あれも聴きたいこれも聴きたい-OnukiTaeko
 このアルバムが発売された当時、私は大貫妙子がアイドル的に好きでした。ただ、アイドルではないアーティストにそういう気持ちを抱くのは何だか失礼なような気もして複雑な思いでした。まだ私も若かったです。

 この作品は大貫妙子のヨーロッパ三部作の最終章、だとばかり思っていたのですが、再発された紙ジャケCDのライナーでご本人がきっぱり否定されています。三作ともタイトルがフランス語で、ジャケ写が単色でおしゃれな写真でしたから、三部作っぽいんですが。

 ともかく、このアルバムの雰囲気はヨーロッパです。ここでの「ヨーロッパ」はアングロ・サクソンじゃない白人、それも憂鬱なゲルマンでもなく、能天気なディープ・ラテンでもない。要するにフランスです。

 それもジダンやレ・バンナのフランスではなくて、フランソワーズ・モレシャンのフランス、映画「男と女」のフランス、プロヴァンスのフランスです。かわいい女の子と中年オヤジのフランス。外国人が考える、もはやフランスを通り越して無国籍に到達したフランス。

 大貫妙子は、本作品の3分の2は何らかの映画を元に歌詞が書かれていると語っています。恐らくはハリウッド映画ではなく、ヨーロッパの映画なのでしょう。アルバムから色濃く立ち上ってくるヨーロッパ風味はおそらくそのせいです。

 ここで元になった映画のタイトルをずらずら挙げることができれば、第1級のファンとして鼻が高いところですが、私には無理でした。歌詞から喚起されるイメージでフランス映画あれこれを思うだけにとどまります。

 私は彼女のボーカルが大好きです。日本語をメロディーに乗せて歌う時に、英語風にぶつぶつ歯切れ良く歌わないところが魅力です。同じような歌い方をするボーカリストとして、私の中では忌野清志郎と甲本ヒロトがいます。曲調は違いますが、同じ匂いを感じるんです。

 そういう唄い方をする人は歌謡曲や演歌にも見当たらず少数派にとどまります。恐らくボーカルの先生が矯正するんでしょう。モーニング娘。のオーディションを見ていてそんなことを思ったものです。日本語はこういう唄い方をした方が気持ちいいのに、と思ってしまいます。

 本作品はYMOや加藤和彦などが全面的に参加していて、当時の先端の音に仕上がっています。発表当時は新鮮に感じていたのですが、今聴いてみるとちょっとチャラい感じがしますね。特に打ち込みサウンドなどに時代を感じてしまいます。

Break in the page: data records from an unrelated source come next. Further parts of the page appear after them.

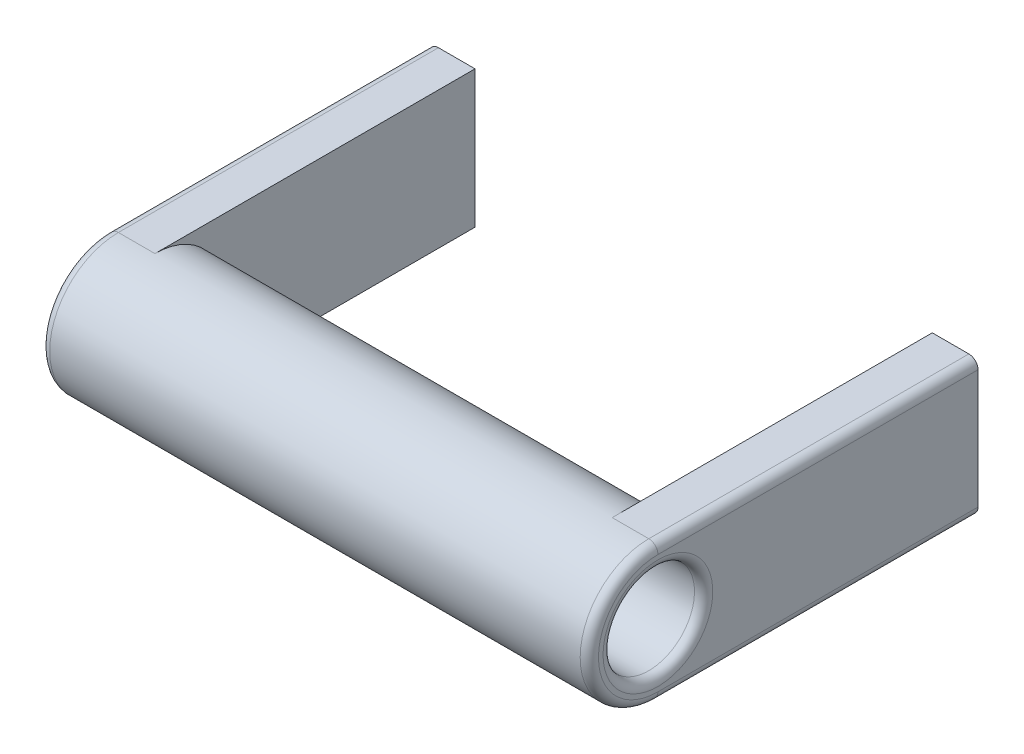
SolidWorks part; units mm, degrees
ref_plane "Спереди" through (0, 0, 0) normal (0, 0, 1) x (1, 0, 0)
ref_plane "Сверху" through (0, 0, 0) normal (0, 1, 0) x (1, 0, 0)
ref_plane "Справа" through (0, 0, 0) normal (1, 0, 0) x (0, 0, -1)
other "Configuration Table"
sketch "Sketch1" plane through (0, 0, 0) normal (0, 0, 1) x (1, 0, 0)
  line L0 (0, 0) -> (0, 51.5979) construction
  line L1 (60, -15) -> (50, -15)
  line L2 (60, -15) -> (60, 15)
  line L3 (60, 15) -> (50, 15)
  line L4 (50, -15) -> (50, 15)
  line L5 (60, -15) -> (50, 15) construction
  line L6 (60, 15) -> (50, -15) construction
  line L7 (0, 0) -> (55, 0) construction
  line L8 (-60, 15) -> (-50, 15)
  line L9 (-50, -15) -> (-50, 15)
  line L10 (-60, -15) -> (-50, -15)
  line L11 (-60, -15) -> (-60, 15)
  point P0 (55, 0)
  point P13 (-55, 15)
  dimension "D1" = 110
  dimension "D2" = 10
  dimension "D3" = 30
extrude "Boss-Extrude1" add sketch "Sketch1" along normal blind 70
sketch "Sketch2" plane through (60, 0, 0) normal (1, 0, 0) x (0, 0, -1)
  line L0 (-70, -15) -> (-70, 15) construction
  line L1 (-70, -15) -> (0, -15) construction
  circle A0 centre (-70, 0) radius 15
  point P4 (-70, 0)
extrude "Boss-Extrude2" add sketch "Sketch2" against normal up to surface (120 mm away) up to face at (-60, 0, 35)
sketch "Sketch3" plane through (-60, 0, 0) normal (-1, 0, 0) x (0, 0, 1)
  line L0 (70, 15) -> (70, -15) construction
  line L1 (70, -15) -> (0, -15) construction
  arc A0 (70, -15) -> (70, 15) centre (70, 0) ccw construction
  circle A1 centre (70, 0) radius 10
  dimension "D1" = 5
extrude "Cut-Extrude1" cut sketch "Sketch3" against normal up to next and the other way through all
fillet "Fillet1" radius 2 8 edges at (-60, -15, 35) (-60, 0, 85) (60, -15, 35) (60, 0, 85) (-60, 10, 70) (-60, 15, 35) (60, 0, 80) (60, 15, 35)
sketch "Sketch4" plane through (0, 0, 0) normal (0, 0, -1) x (-1, 0, 0)
  line L0 (-50, 0) -> (-60, 0) construction
  line L1 (-50, 15) -> (-50, -15) construction
  line L2 (-60, -13) -> (-60, 13) construction
  line L3 (-55, 0) -> (-55, 12.211) construction
  line L4 (0, 0) -> (0, 44.7084) construction
  circle A0 centre (-55, 7) radius 1.5
  circle A1 centre (-55, -7) radius 1.5
  circle A2 centre (55, -7) radius 1.5
  circle A3 centre (55, 7) radius 1.5
  dimension "D1" = 3
  dimension "D2" = 14
extrude "Cut-Extrude2" cut sketch "Sketch4" against normal blind 15

 たとえば一曲目の「恋人たちの明日」。エレクトロニクスの使い方が何ともあの時代です。彼女が「若いサウンド」と評するのはこうしたサウンドのことでしょう。ただしその若さのおかげで明るい陽気なポップスが現出しているわけでもあります。

 二曲だけ日本の歌謡界の重鎮、前田憲男が編曲している曲が入っていて毛色が違います。オーソドックスな歌謡曲的アレンジのそちらの方が今聴いても色褪せていないというのは面白いものです。「プロの仕事だ!」と大貫さんも感嘆したそうです。